#### Exercise data
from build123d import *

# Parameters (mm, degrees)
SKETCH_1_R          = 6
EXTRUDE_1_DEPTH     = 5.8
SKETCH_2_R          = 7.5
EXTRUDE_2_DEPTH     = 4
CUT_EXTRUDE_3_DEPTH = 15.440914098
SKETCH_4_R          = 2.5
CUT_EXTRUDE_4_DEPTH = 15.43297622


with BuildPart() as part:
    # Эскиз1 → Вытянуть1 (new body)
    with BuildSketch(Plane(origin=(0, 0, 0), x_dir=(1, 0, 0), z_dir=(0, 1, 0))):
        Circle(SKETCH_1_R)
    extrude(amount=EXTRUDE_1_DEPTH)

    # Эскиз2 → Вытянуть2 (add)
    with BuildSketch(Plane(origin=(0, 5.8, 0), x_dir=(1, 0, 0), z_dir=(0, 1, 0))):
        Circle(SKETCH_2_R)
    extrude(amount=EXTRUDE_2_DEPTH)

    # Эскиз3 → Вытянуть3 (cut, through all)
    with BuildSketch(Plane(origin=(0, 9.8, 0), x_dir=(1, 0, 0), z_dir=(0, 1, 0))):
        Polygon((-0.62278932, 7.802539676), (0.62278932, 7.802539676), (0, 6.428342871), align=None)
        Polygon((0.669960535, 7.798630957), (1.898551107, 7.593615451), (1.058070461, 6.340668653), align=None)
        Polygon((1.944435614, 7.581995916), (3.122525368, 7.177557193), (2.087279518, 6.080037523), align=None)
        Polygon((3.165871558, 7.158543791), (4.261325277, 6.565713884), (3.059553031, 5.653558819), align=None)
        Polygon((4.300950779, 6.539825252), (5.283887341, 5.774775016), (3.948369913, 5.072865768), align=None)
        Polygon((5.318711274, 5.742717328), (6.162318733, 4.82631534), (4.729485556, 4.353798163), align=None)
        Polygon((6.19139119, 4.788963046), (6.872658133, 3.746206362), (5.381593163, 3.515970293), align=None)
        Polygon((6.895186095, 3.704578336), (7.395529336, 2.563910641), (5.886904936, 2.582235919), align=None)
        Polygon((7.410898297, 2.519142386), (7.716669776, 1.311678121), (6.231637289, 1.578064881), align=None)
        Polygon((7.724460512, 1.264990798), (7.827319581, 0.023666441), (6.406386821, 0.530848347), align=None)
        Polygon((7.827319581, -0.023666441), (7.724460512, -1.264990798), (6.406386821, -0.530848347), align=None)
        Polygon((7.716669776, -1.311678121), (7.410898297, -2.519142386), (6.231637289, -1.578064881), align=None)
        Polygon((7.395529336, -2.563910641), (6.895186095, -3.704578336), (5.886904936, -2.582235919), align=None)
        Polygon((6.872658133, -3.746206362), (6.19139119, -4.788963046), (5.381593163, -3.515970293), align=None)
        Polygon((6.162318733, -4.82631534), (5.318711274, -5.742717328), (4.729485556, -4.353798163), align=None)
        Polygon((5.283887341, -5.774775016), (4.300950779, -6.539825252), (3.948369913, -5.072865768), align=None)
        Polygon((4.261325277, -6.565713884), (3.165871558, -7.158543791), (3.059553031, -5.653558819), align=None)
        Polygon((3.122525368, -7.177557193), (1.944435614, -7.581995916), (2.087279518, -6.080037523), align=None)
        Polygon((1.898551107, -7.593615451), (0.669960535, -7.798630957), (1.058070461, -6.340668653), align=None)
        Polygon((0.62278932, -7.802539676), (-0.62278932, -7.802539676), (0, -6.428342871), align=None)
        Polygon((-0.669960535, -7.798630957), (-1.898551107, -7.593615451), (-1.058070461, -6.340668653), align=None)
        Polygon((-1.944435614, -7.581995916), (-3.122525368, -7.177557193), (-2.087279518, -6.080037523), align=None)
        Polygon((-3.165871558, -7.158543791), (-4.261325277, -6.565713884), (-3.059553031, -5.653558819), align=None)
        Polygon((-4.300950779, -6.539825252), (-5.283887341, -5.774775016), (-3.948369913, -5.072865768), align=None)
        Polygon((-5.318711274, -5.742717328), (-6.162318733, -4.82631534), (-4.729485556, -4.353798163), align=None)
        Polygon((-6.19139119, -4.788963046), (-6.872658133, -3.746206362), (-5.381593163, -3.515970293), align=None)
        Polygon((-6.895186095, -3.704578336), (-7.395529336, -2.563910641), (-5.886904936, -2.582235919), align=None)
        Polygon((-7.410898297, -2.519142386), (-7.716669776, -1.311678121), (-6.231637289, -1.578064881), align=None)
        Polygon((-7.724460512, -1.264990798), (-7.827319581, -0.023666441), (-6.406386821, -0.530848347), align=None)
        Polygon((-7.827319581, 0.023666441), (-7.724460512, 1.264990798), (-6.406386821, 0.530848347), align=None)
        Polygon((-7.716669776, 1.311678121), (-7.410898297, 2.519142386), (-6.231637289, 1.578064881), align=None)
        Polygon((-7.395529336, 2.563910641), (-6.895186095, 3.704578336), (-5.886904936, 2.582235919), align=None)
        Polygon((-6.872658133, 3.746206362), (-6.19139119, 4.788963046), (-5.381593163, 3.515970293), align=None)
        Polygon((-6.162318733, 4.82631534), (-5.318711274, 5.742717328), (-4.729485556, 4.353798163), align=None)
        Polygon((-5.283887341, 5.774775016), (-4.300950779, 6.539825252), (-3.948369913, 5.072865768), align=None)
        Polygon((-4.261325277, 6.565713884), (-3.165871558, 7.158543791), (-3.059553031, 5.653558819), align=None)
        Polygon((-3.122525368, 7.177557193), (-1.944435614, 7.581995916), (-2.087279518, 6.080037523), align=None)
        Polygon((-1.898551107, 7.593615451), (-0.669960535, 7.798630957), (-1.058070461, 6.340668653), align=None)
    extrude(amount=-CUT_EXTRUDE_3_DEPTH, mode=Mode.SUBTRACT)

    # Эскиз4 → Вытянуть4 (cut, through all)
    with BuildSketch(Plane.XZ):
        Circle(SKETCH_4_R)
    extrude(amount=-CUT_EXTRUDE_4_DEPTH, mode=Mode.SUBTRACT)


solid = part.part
########
Goal of the exercise
Copy out every entry above exactly.

Solved problem
from build123d import *

# Parameters (mm, degrees)
SKETCH_1_R          = 6
EXTRUDE_1_DEPTH     = 5.8
SKETCH_2_R          = 7.5
EXTRUDE_2_DEPTH     = 4
CUT_EXTRUDE_3_DEPTH = 15.440914098
SKETCH_4_R          = 2.5
CUT_EXTRUDE_4_DEPTH = 15.43297622


with BuildPart() as part:
    # Эскиз1 → Вытянуть1 (new body)
    with BuildSketch(Plane(origin=(0, 0, 0), x_dir=(1, 0, 0), z_dir=(0, 1, 0))):
        Circle(SKETCH_1_R)
    extrude(amount=EXTRUDE_1_DEPTH)

    # Эскиз2 → Вытянуть2 (add)
    with BuildSketch(Plane(origin=(0, 5.8, 0), x_dir=(1, 0, 0), z_dir=(0, 1, 0))):
        Circle(SKETCH_2_R)
    extrude(amount=EXTRUDE_2_DEPTH)

    # Эскиз3 → Вытянуть3 (cut, through all)
    with BuildSketch(Plane(origin=(0, 9.8, 0), x_dir=(1, 0, 0), z_dir=(0, 1, 0))):
        Polygon((-0.62278932, 7.802539676), (0.62278932, 7.802539676), (0, 6.428342871), align=None)
        Polygon((0.669960535, 7.798630957), (1.898551107, 7.593615451), (1.058070461, 6.340668653), align=None)
        Polygon((1.944435614, 7.581995916), (3.122525368, 7.177557193), (2.087279518, 6.080037523), align=None)
        Polygon((3.165871558, 7.158543791), (4.261325277, 6.565713884), (3.059553031, 5.653558819), align=None)
        Polygon((4.300950779, 6.539825252), (5.283887341, 5.774775016), (3.948369913, 5.072865768), align=None)
        Polygon((5.318711274, 5.742717328), (6.162318733, 4.82631534), (4.729485556, 4.353798163), align=None)
        Polygon((6.19139119, 4.788963046), (6.872658133, 3.746206362), (5.381593163, 3.515970293), align=None)
        Polygon((6.895186095, 3.704578336), (7.395529336, 2.563910641), (5.886904936, 2.582235919), align=None)
        Polygon((7.410898297, 2.519142386), (7.716669776, 1.311678121), (6.231637289, 1.578064881), align=None)
        Polygon((7.724460512, 1.264990798), (7.827319581, 0.023666441), (6.406386821, 0.530848347), align=None)
        Polygon((7.827319581, -0.023666441), (7.724460512, -1.264990798), (6.406386821, -0.530848347), align=None)
        Polygon((7.716669776, -1.311678121), (7.410898297, -2.519142386), (6.231637289, -1.578064881), align=None)
        Polygon((7.395529336, -2.563910641), (6.895186095, -3.704578336), (5.886904936, -2.582235919), align=None)
        Polygon((6.872658133, -3.746206362), (6.19139119, -4.788963046), (5.381593163, -3.515970293), align=None)
        Polygon((6.162318733, -4.82631534), (5.318711274, -5.742717328), (4.729485556, -4.353798163), align=None)
        Polygon((5.283887341, -5.774775016), (4.300950779, -6.539825252), (3.948369913, -5.072865768), align=None)
        Polygon((4.261325277, -6.565713884), (3.165871558, -7.158543791), (3.059553031, -5.653558819), align=None)
        Polygon((3.122525368, -7.177557193), (1.944435614, -7.581995916), (2.087279518, -6.080037523), align=None)
        Polygon((1.898551107, -7.593615451), (0.669960535, -7.798630957), (1.058070461, -6.340668653), align=None)
        Polygon((0.62278932, -7.802539676), (-0.62278932, -7.802539676), (0, -6.428342871), align=None)
        Polygon((-0.669960535, -7.798630957), (-1.898551107, -7.593615451), (-1.058070461, -6.340668653), align=None)
        Polygon((-1.944435614, -7.581995916), (-3.122525368, -7.177557193), (-2.087279518, -6.080037523), align=None)
        Polygon((-3.165871558, -7.158543791), (-4.261325277, -6.565713884), (-3.059553031, -5.653558819), align=None)
        Polygon((-4.300950779, -6.539825252), (-5.283887341, -5.774775016), (-3.948369913, -5.072865768), align=None)
        Polygon((-5.318711274, -5.742717328), (-6.162318733, -4.82631534), (-4.729485556, -4.353798163), align=None)
        Polygon((-6.19139119, -4.788963046), (-6.872658133, -3.746206362), (-5.381593163, -3.515970293), align=None)
        Polygon((-6.895186095, -3.704578336), (-7.395529336, -2.563910641), (-5.886904936, -2.582235919), align=None)
        Polygon((-7.410898297, -2.519142386), (-7.716669776, -1.311678121), (-6.231637289, -1.578064881), align=None)
        Polygon((-7.724460512, -1.264990798), (-7.827319581, -0.023666441), (-6.406386821, -0.530848347), align=None)
        Polygon((-7.827319581, 0.023666441), (-7.724460512, 1.264990798), (-6.406386821, 0.530848347), align=None)
        Polygon((-7.716669776, 1.311678121), (-7.410898297, 2.519142386), (-6.231637289, 1.578064881), align=None)
        Polygon((-7.395529336, 2.563910641), (-6.895186095, 3.704578336), (-5.886904936, 2.582235919), align=None)
        Polygon((-6.872658133, 3.746206362), (-6.19139119, 4.788963046), (-5.381593163, 3.515970293), align=None)
        Polygon((-6.162318733, 4.82631534), (-5.318711274, 5.742717328), (-4.729485556, 4.353798163), align=None)
        Polygon((-5.283887341, 5.774775016), (-4.300950779, 6.539825252), (-3.948369913, 5.072865768), align=None)
        Polygon((-4.261325277, 6.565713884), (-3.165871558, 7.158543791), (-3.059553031, 5.653558819), align=None)
        Polygon((-3.122525368, 7.177557193), (-1.944435614, 7.581995916), (-2.087279518, 6.080037523), align=None)
        Polygon((-1.898551107, 7.593615451), (-0.669960535, 7.798630957), (-1.058070461, 6.340668653), align=None)
    extrude(amount=-CUT_EXTRUDE_3_DEPTH, mode=Mode.SUBTRACT)

    # Эскиз4 → Вытянуть4 (cut, through all)
    with BuildSketch(Plane.XZ):
        Circle(SKETCH_4_R)
    extrude(amount=-CUT_EXTRUDE_4_DEPTH, mode=Mode.SUBTRACT)


solid = part.part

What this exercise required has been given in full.